Hey, here’s a concept: a cop who isn’t tormented.
You might have to go back to Andy Taylor and Barney Fife on The Andy Griffith Show to find a pair of law enforcement personnel as unencumbered by angst as the main guys on a new Netflix series called The Good Cop, which premieres Friday.
T.J. Caruso (Josh Groban, top) and his father Tony Caruso (Tony Danza, top) work for the NYPD. Well, Tony used to work for the NYPD before he spent seven years in prison after being busted in a corruption scandal.
Now, as part of his probation, he has to move in with T.J., a current NYPD detective who’s as straight as his old man was crooked.
Tony obviously has issues. For instance, he still gets some residual perks from the job, like free stuff, and he enjoys that a little too much. T.J. has issues, too, only different issues. He’s obsessive, neurotic and, accordingly, not great with women.
Neither Caruso, however, carries the kind of soul-deep burdens that seem to plague almost every other cop on television. Both are content with who they are. If they snipe at each other all the time, so what? So did Ralph and Alice Kramden.

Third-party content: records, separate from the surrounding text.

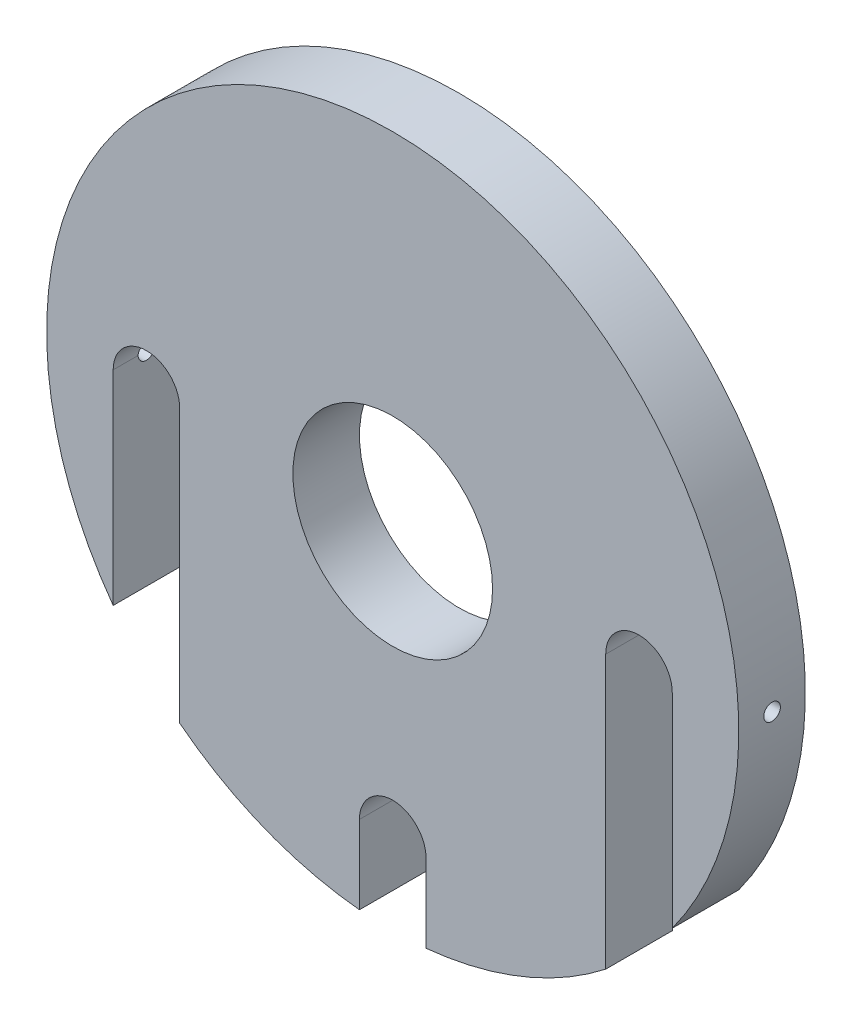
ISO-10303-21;
HEADER;
FILE_DESCRIPTION(('STEP AP214'),'2;1');
FILE_NAME('part.step','',(''),(''),'','','');
FILE_SCHEMA(('AUTOMOTIVE_DESIGN { 1 0 10303 214 1 1 1 1 }'));
ENDSEC;
DATA;
#1=APPLICATION_CONTEXT('core data for automotive mechanical design processes');
#2=APPLICATION_PROTOCOL_DEFINITION('international standard','automotive_design',2000,#1);
#3=PRODUCT_CONTEXT('',#1,'mechanical');
#4=PRODUCT('Part','Part','',(#3));
#5=PRODUCT_RELATED_PRODUCT_CATEGORY('part','',(#4));
#6=PRODUCT_DEFINITION_FORMATION('','',#4);
#7=PRODUCT_DEFINITION_CONTEXT('part definition',#1,'design');
#8=PRODUCT_DEFINITION('design','',#6,#7);
#9=PRODUCT_DEFINITION_SHAPE('','',#8);
#10=(LENGTH_UNIT() NAMED_UNIT(*) SI_UNIT(.MILLI.,.METRE.));
#11=(NAMED_UNIT(*) PLANE_ANGLE_UNIT() SI_UNIT($,.RADIAN.));
#12=(NAMED_UNIT(*) SI_UNIT($,.STERADIAN.) SOLID_ANGLE_UNIT());
#13=UNCERTAINTY_MEASURE_WITH_UNIT(LENGTH_MEASURE(1.E-05),#10,'distance_accuracy_value','');
#14=(GEOMETRIC_REPRESENTATION_CONTEXT(3) GLOBAL_UNCERTAINTY_ASSIGNED_CONTEXT((#13)) GLOBAL_UNIT_ASSIGNED_CONTEXT((#10,
#11,#12)) REPRESENTATION_CONTEXT('',''));
#15=CARTESIAN_POINT('',(0.,0.,0.));
#16=DIRECTION('',(0.,0.,1.));
#17=DIRECTION('',(1.,0.,0.));
#18=AXIS2_PLACEMENT_3D('',#15,#16,#17);
#19=CARTESIAN_POINT('',(0.,0.,10.));
#20=DIRECTION('',(0.,0.,-1.));
#21=DIRECTION('',(-1.,0.,0.));
#22=AXIS2_PLACEMENT_3D('',#19,#20,#21);
#23=CYLINDRICAL_SURFACE('',#22,52.);
#24=CARTESIAN_POINT('',(-52.,0.,6.24999999999998));
#25=CARTESIAN_POINT('',(-51.9999997973088,-0.0702021682379091,6.2499968895859));
#26=CARTESIAN_POINT('',(-51.9998563106322,-0.140454981450219,6.24406613697119));
#27=CARTESIAN_POINT('',(-51.9992977076912,-0.279025062442822,6.22048990731504));
#28=CARTESIAN_POINT('',(-51.9988822660825,-0.347339909542774,6.20283039859609));
#29=CARTESIAN_POINT('',(-51.9978268062926,-0.480006521059341,6.15630034243218));
#30=CARTESIAN_POINT('',(-51.9971868970592,-0.544360190296536,6.12743523302246));
#31=CARTESIAN_POINT('',(-51.99575470482,-0.667290330916391,6.05932103250131));
#32=CARTESIAN_POINT('',(-51.9949624592714,-0.725868217133678,6.02007449314121));
#33=CARTESIAN_POINT('',(-51.9933145118695,-0.835622281287134,5.93229518490517));
#34=CARTESIAN_POINT('',(-51.9924587919931,-0.886796344683112,5.88375977227363));
#35=CARTESIAN_POINT('',(-51.9907805017499,-0.980272477518451,5.77878464423165));
#36=CARTESIAN_POINT('',(-51.9899579326977,-1.02257419539248,5.72234461574973));
#37=CARTESIAN_POINT('',(-51.9884386379106,-1.09710658397418,5.60315653739074));
#38=CARTESIAN_POINT('',(-51.9877419250816,-1.12933622208278,5.54040784161421));
#39=CARTESIAN_POINT('',(-51.9865530394971,-1.18280274961246,5.41038828850494));
#40=CARTESIAN_POINT('',(-51.9860608660679,-1.2040396752478,5.34311744607073));
#41=CARTESIAN_POINT('',(-51.9853366659506,-1.23491404263499,5.20597695611337));
#42=CARTESIAN_POINT('',(-51.9851045888189,-1.24455373360457,5.13610781522614));
#43=CARTESIAN_POINT('',(-51.9849265963996,-1.25196691572491,4.99574265089226));
#44=CARTESIAN_POINT('',(-51.9849806801941,-1.2497404449398,4.92524662945722));
#45=CARTESIAN_POINT('',(-51.985368863679,-1.23348643261604,4.78564409487549));
#46=CARTESIAN_POINT('',(-51.9857029055237,-1.21946132894386,4.71653729770342));
#47=CARTESIAN_POINT('',(-51.9866132562613,-1.1800119384044,4.58165935292268));
#48=CARTESIAN_POINT('',(-51.9871895655884,-1.15458763111172,4.51588821129117));
#49=CARTESIAN_POINT('',(-51.9885195484886,-1.09305874317991,4.38954078401926));
#50=CARTESIAN_POINT('',(-51.9892732406284,-1.05695304442013,4.32896504308654));
#51=CARTESIAN_POINT('',(-51.990873002452,-0.97508713050876,4.21473394256006));
#52=CARTESIAN_POINT('',(-51.9917190722579,-0.929326902589633,4.16107859211825));
#53=CARTESIAN_POINT('',(-51.9934084662207,-0.829437096207218,4.06219713975511));
#54=CARTESIAN_POINT('',(-51.9942517896282,-0.77530540162422,4.01697317549234));
#55=CARTESIAN_POINT('',(-51.9958404123069,-0.660216745710646,3.93625470582223));
#56=CARTESIAN_POINT('',(-51.9965857115635,-0.599259783359249,3.90076020187007));
#57=CARTESIAN_POINT('',(-51.9978942729366,-0.472249784187237,3.84050847217416));
#58=CARTESIAN_POINT('',(-51.9984575339415,-0.406196716252543,3.81575131199297));
#59=CARTESIAN_POINT('',(-51.9993385031685,-0.270870063484839,3.77767840062746));
#60=CARTESIAN_POINT('',(-51.9996562118238,-0.201596484331865,3.76436262926472));
#61=CARTESIAN_POINT('',(-52.0000102059479,-0.0618138289347149,3.7495531009642));
#62=CARTESIAN_POINT('',(-52.000046561819,0.00869493380591818,3.74805638656743));
#63=CARTESIAN_POINT('',(-51.9998339383627,0.148962758512663,3.75691975412827));
#64=CARTESIAN_POINT('',(-51.9995849592427,0.218721821024188,3.76727982745936));
#65=CARTESIAN_POINT('',(-51.9988297750903,0.355501780963677,3.79956023565669));
#66=CARTESIAN_POINT('',(-51.9983235998992,0.422522995077548,3.82147922940406));
#67=CARTESIAN_POINT('',(-51.9971110723133,0.551934463575331,3.8762539091937));
#68=CARTESIAN_POINT('',(-51.9964047196695,0.614324712193831,3.90910960885154));
#69=CARTESIAN_POINT('',(-51.9948712563162,0.732716819717158,3.98483266008584));
#70=CARTESIAN_POINT('',(-51.9940441215981,0.788717404551271,4.02770200316391));
#71=CARTESIAN_POINT('',(-51.9923624047139,0.892727732221843,4.12223250589846));
#72=CARTESIAN_POINT('',(-51.9915078224988,0.940737460803128,4.17389368123867));
#73=CARTESIAN_POINT('',(-51.9898673530022,1.02741309597303,4.28455402755676));
#74=CARTESIAN_POINT('',(-51.9890814797713,1.06607709425557,4.34355469346742));
#75=CARTESIAN_POINT('',(-51.9876672523362,1.13295066954025,4.46721152634058));
#76=CARTESIAN_POINT('',(-51.9870388978446,1.16116026562596,4.53186768297923));
#77=CARTESIAN_POINT('',(-51.9860106523504,1.20632093427851,4.66499293625244));
#78=CARTESIAN_POINT('',(-51.9856107362014,1.22327324608078,4.73346161229381));
#79=CARTESIAN_POINT('',(-51.9850843853326,1.2454421997953,4.87227432871524));
#80=CARTESIAN_POINT('',(-51.9849579506351,1.25065884075391,4.94261836924769));
#81=CARTESIAN_POINT('',(-51.9849928270816,1.24920821155983,5.08316579760952));
#82=CARTESIAN_POINT('',(-51.9851540651841,1.24254395802412,5.1533692166126));
#83=CARTESIAN_POINT('',(-51.9857459567771,1.2175269006696,5.29166052483359));
#84=CARTESIAN_POINT('',(-51.9861766108046,1.19917407354676,5.35974840983338));
#85=CARTESIAN_POINT('',(-51.9872587776231,1.15130109720322,5.49187742806503));
#86=CARTESIAN_POINT('',(-51.9879102943159,1.12178075069791,5.55591848978267));
#87=CARTESIAN_POINT('',(-51.9893607075731,1.05241220497476,5.67813381072752));
#88=CARTESIAN_POINT('',(-51.9901595986442,1.01256439069638,5.73630828850982));
#89=CARTESIAN_POINT('',(-51.9918148783833,0.923664897688957,5.84515186657948));
#90=CARTESIAN_POINT('',(-51.9926712755141,0.874611862405308,5.8958198586795));
#91=CARTESIAN_POINT('',(-51.9943451605303,0.768681394127143,5.98821499771678));
#92=CARTESIAN_POINT('',(-51.9951626387157,0.711802024121723,6.02993992469413));
#93=CARTESIAN_POINT('',(-51.9966667561658,0.591815674581007,6.10326914926611));
#94=CARTESIAN_POINT('',(-51.9973533183665,0.528705059981918,6.13486749323264));
#95=CARTESIAN_POINT('',(-51.998516752348,0.398121934825982,6.18698344501717));
#96=CARTESIAN_POINT('',(-51.9989938745281,0.330654744203557,6.20751429148876));
#97=CARTESIAN_POINT('',(-51.9995568847217,0.218966673448215,6.23146046341417));
#98=CARTESIAN_POINT('',(-51.9997223338094,0.175471022833649,6.23840406759431));
#99=CARTESIAN_POINT('',(-51.9999439549651,0.087990214559126,6.24767481030989));
#100=CARTESIAN_POINT('',(-52.0000001270536,0.0440050569909726,6.25000194971111));
#101=CARTESIAN_POINT('',(-52.,0.,6.24999999999998));
#102=B_SPLINE_CURVE_WITH_KNOTS('',3,(#24,#25,#26,#27,#28,#29,#30,#31,#32,#33,#34,#35,#36,#37,
#38,#39,#40,#41,#42,#43,#44,#45,#46,#47,#48,#49,#50,#51,#52,#53,#54,#55,#56,#57,#58,#59,#60,#61,
#62,#63,#64,#65,#66,#67,#68,#69,#70,#71,#72,#73,#74,#75,#76,#77,#78,#79,#80,#81,#82,#83,#84,#85,
#86,#87,#88,#89,#90,#91,#92,#93,#94,#95,#96,#97,#98,#99,#100,#101),.UNSPECIFIED.,.T.,.F.,(4,2,2,
2,2,2,2,2,2,2,2,2,2,2,2,2,2,2,2,2,2,2,2,2,2,2,2,2,2,2,2,2,2,2,2,2,2,2,4),(0.,0.210445882634705,
0.421143986444405,0.631739966835604,0.842284230842992,1.052888508329,1.2635011294014,
1.47413533559935,1.68476884788204,1.89536150240385,2.1059534813895,2.31650195795665,
2.52705081179168,2.73762171353813,2.94819289375379,3.15881738892334,3.36944191559497,
3.58006772832851,3.79069316959421,4.00126590480604,4.2118384868137,4.42238664260014,
4.63293506050825,4.84352538774352,5.05411609065432,5.26474975785616,5.4753830405633,
5.68599313228496,5.89660324112071,6.10715988263968,6.31771694395633,6.52827772513291,
6.73883065912926,6.94941464628273,7.16005084685117,7.37081065858985,7.58131780231657,
7.71323231476071,7.84514680246531),.UNSPECIFIED.);
#103=CARTESIAN_POINT('',(-52.,0.,6.24999999999998));
#104=VERTEX_POINT('',#103);
#105=EDGE_CURVE('E152',#104,#104,#102,.T.);
#106=ORIENTED_EDGE('',*,*,#105,.T.);
#107=EDGE_LOOP('',(#106));
#108=FACE_BOUND('',#107,.T.);
#109=CARTESIAN_POINT('',(52.,0.,3.75));
#110=CARTESIAN_POINT('',(51.9999997973088,-0.0702021682379091,3.75000311041408));
#111=CARTESIAN_POINT('',(51.9998563106322,-0.140454981450219,3.75593386302879));
#112=CARTESIAN_POINT('',(51.9992977076912,-0.279025062442822,3.77951009268494));
#113=CARTESIAN_POINT('',(51.9988822660825,-0.347339909542774,3.79716960140389));
#114=CARTESIAN_POINT('',(51.9978268062926,-0.480006521059341,3.8436996575678));
#115=CARTESIAN_POINT('',(51.9971868970592,-0.544360190296535,3.87256476697752));
#116=CARTESIAN_POINT('',(51.99575470482,-0.66729033091639,3.94067896749867));
#117=CARTESIAN_POINT('',(51.9949624592714,-0.725868217133678,3.97992550685877));
#118=CARTESIAN_POINT('',(51.9933145118695,-0.835622281287134,4.06770481509481));
#119=CARTESIAN_POINT('',(51.9924587919931,-0.886796344683112,4.11624022772634));
#120=CARTESIAN_POINT('',(51.9907805017499,-0.980272477518451,4.22121535576833));
#121=CARTESIAN_POINT('',(51.9899579326977,-1.02257419539248,4.27765538425025));
#122=CARTESIAN_POINT('',(51.9884386379106,-1.09710658397418,4.39684346260924));
#123=CARTESIAN_POINT('',(51.9877419250816,-1.12933622208278,4.45959215838577));
#124=CARTESIAN_POINT('',(51.9865530394971,-1.18280274961246,4.58961171149504));
#125=CARTESIAN_POINT('',(51.9860608660679,-1.2040396752478,4.65688255392925));
#126=CARTESIAN_POINT('',(51.9853366659506,-1.23491404263499,4.79402304388661));
#127=CARTESIAN_POINT('',(51.9851045888189,-1.24455373360457,4.86389218477383));
#128=CARTESIAN_POINT('',(51.9849265963996,-1.25196691572491,5.00425734910772));
#129=CARTESIAN_POINT('',(51.9849806801941,-1.2497404449398,5.07475337054276));
#130=CARTESIAN_POINT('',(51.985368863679,-1.23348643261604,5.21435590512448));
#131=CARTESIAN_POINT('',(51.9857029055237,-1.21946132894386,5.28346270229655));
#132=CARTESIAN_POINT('',(51.9866132562613,-1.1800119384044,5.41834064707729));
#133=CARTESIAN_POINT('',(51.9871895655884,-1.15458763111172,5.48411178870881));
#134=CARTESIAN_POINT('',(51.9885195484886,-1.09305874317991,5.61045921598072));
#135=CARTESIAN_POINT('',(51.9892732406284,-1.05695304442013,5.67103495691344));
#136=CARTESIAN_POINT('',(51.990873002452,-0.97508713050876,5.78526605743992));
#137=CARTESIAN_POINT('',(51.9917190722579,-0.929326902589633,5.83892140788173));
#138=CARTESIAN_POINT('',(51.9934084662207,-0.829437096207218,5.93780286024487));
#139=CARTESIAN_POINT('',(51.9942517896282,-0.775305401624221,5.98302682450764));
#140=CARTESIAN_POINT('',(51.9958404123069,-0.660216745710647,6.06374529417775));
#141=CARTESIAN_POINT('',(51.9965857115635,-0.59925978335925,6.09923979812991));
#142=CARTESIAN_POINT('',(51.9978942729366,-0.472249784187238,6.15949152782582));
#143=CARTESIAN_POINT('',(51.9984575339415,-0.406196716252543,6.18424868800701));
#144=CARTESIAN_POINT('',(51.9993385031685,-0.27087006348484,6.22232159937251));
#145=CARTESIAN_POINT('',(51.9996562118238,-0.201596484331865,6.23563737073526));
#146=CARTESIAN_POINT('',(52.0000102059479,-0.0618138289347151,6.25044689903578));
#147=CARTESIAN_POINT('',(52.000046561819,0.00869493380591806,6.25194361343255));
#148=CARTESIAN_POINT('',(51.9998339383627,0.148962758512663,6.24308024587171));
#149=CARTESIAN_POINT('',(51.9995849592427,0.218721821024188,6.23272017254062));
#150=CARTESIAN_POINT('',(51.9988297750903,0.355501780963677,6.20043976434329));
#151=CARTESIAN_POINT('',(51.9983235998992,0.422522995077549,6.17852077059591));
#152=CARTESIAN_POINT('',(51.9971110723133,0.551934463575331,6.12374609080628));
#153=CARTESIAN_POINT('',(51.9964047196695,0.614324712193831,6.09089039114844));
#154=CARTESIAN_POINT('',(51.9948712563162,0.732716819717158,6.01516733991414));
#155=CARTESIAN_POINT('',(51.9940441215981,0.788717404551271,5.97229799683607));
#156=CARTESIAN_POINT('',(51.9923624047139,0.892727732221843,5.87776749410152));
#157=CARTESIAN_POINT('',(51.9915078224988,0.940737460803128,5.82610631876131));
#158=CARTESIAN_POINT('',(51.9898673530022,1.02741309597303,5.71544597244322));
#159=CARTESIAN_POINT('',(51.9890814797713,1.06607709425557,5.65644530653256));
#160=CARTESIAN_POINT('',(51.9876672523362,1.13295066954025,5.5327884736594));
#161=CARTESIAN_POINT('',(51.9870388978446,1.16116026562596,5.46813231702075));
#162=CARTESIAN_POINT('',(51.9860106523504,1.20632093427851,5.33500706374754));
#163=CARTESIAN_POINT('',(51.9856107362014,1.22327324608078,5.26653838770617));
#164=CARTESIAN_POINT('',(51.9850843853326,1.2454421997953,5.12772567128474));
#165=CARTESIAN_POINT('',(51.9849579506351,1.25065884075391,5.05738163075229));
#166=CARTESIAN_POINT('',(51.9849928270816,1.24920821155983,4.91683420239045));
#167=CARTESIAN_POINT('',(51.9851540651841,1.24254395802412,4.84663078338738));
#168=CARTESIAN_POINT('',(51.9857459567771,1.2175269006696,4.70833947516639));
#169=CARTESIAN_POINT('',(51.9861766108046,1.19917407354676,4.6402515901666));
#170=CARTESIAN_POINT('',(51.9872587776231,1.15130109720322,4.50812257193495));
#171=CARTESIAN_POINT('',(51.9879102943159,1.12178075069791,4.44408151021731));
#172=CARTESIAN_POINT('',(51.9893607075731,1.05241220497476,4.32186618927245));
#173=CARTESIAN_POINT('',(51.9901595986442,1.01256439069638,4.26369171149015));
#174=CARTESIAN_POINT('',(51.9918148783833,0.923664897688957,4.15484813342049));
#175=CARTESIAN_POINT('',(51.9926712755141,0.874611862405308,4.10418014132048));
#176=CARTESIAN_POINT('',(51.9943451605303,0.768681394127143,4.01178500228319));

This lack of inner torment gives a different and rather pleasant tone to The Good Cop, which otherwise plays as a traditional police procedural in which the Carusos take down a bad guy each episode.
The dirty little secret in their collaboration is that Tony isn’t supposed to have any contact with the police, or with police business. But he does live with T.J., and T.J. is prone to sharing. Also, setting aside the graft and corruption part, Tony was and remains a great cop.
He’s got an instinct for looking at a situation and figuring out what happened, and while T.J. seems to have inherited that gene, it never hurts to have an extra pair of skilled eyes.
Besides, the more time Tony spends helping T.J. solve crimes and nail bad guys, the less time he has to go trotting off down the street with the devil who whispers in his other ear.
The two primary support characters in The Good Cop are Cara Vasquez (Monica Barbaro, left) and Burl Loomis (Isiah Whitlock Jr., left), T.J.’s police partner.
Burl, who’s a year and a half from retirement, prefers the sedentary life to, say, a cop’s life. We want him around, though, because he’s got a great droll wit, especially when it’s directed at the office’s young and annoying tech geek.
Cara is Tony’s parole supervisor. She also aspires to become a detective, so she becomes a regular presence in the Caruso lives. This may sound like a setup for Cara and T.J. becoming an item, but given his rigid approach to everything in life, that would take some time and some work.
There could also be one other potential long game in The Good Cop. Seems Tony’s wife and T.J.’s mother, Connie, went missing four years ago, and while Tony is resigned to her being gone, T.J. still keeps the “missing person” posters fresh on local lampposts.
Meanwhile, the case-of-the-week plotlines in The Good Cop move along at a rapid clip. At a time when TV is packed with limited series crime shows where cases unfold slowly over many weeks, The Good Cop sorts out and solves complicated puzzles rather quickly. Which is fine. It’s not The Sinner or Sharp Objects. It works for the kind of show it is.
Danza, to the surprise of no one, is Danza. We know the character. He stays in the pocket. He does what he does.
Groban, better known as a singer, acquits himself adequately as an actor in a role that doesn’t require a lot of tough stretches.
Barbaro and Whitlock Jr. both fill their roles nicely, again given that we’re not talking about Othello here.
The Good Cop was created by Andy Breckman, who specializes in comedy and whose best-known previous show was the quirky Monk. He said he was after a lighter cop show that still had some substance, and the early episodes suggest he’s on track.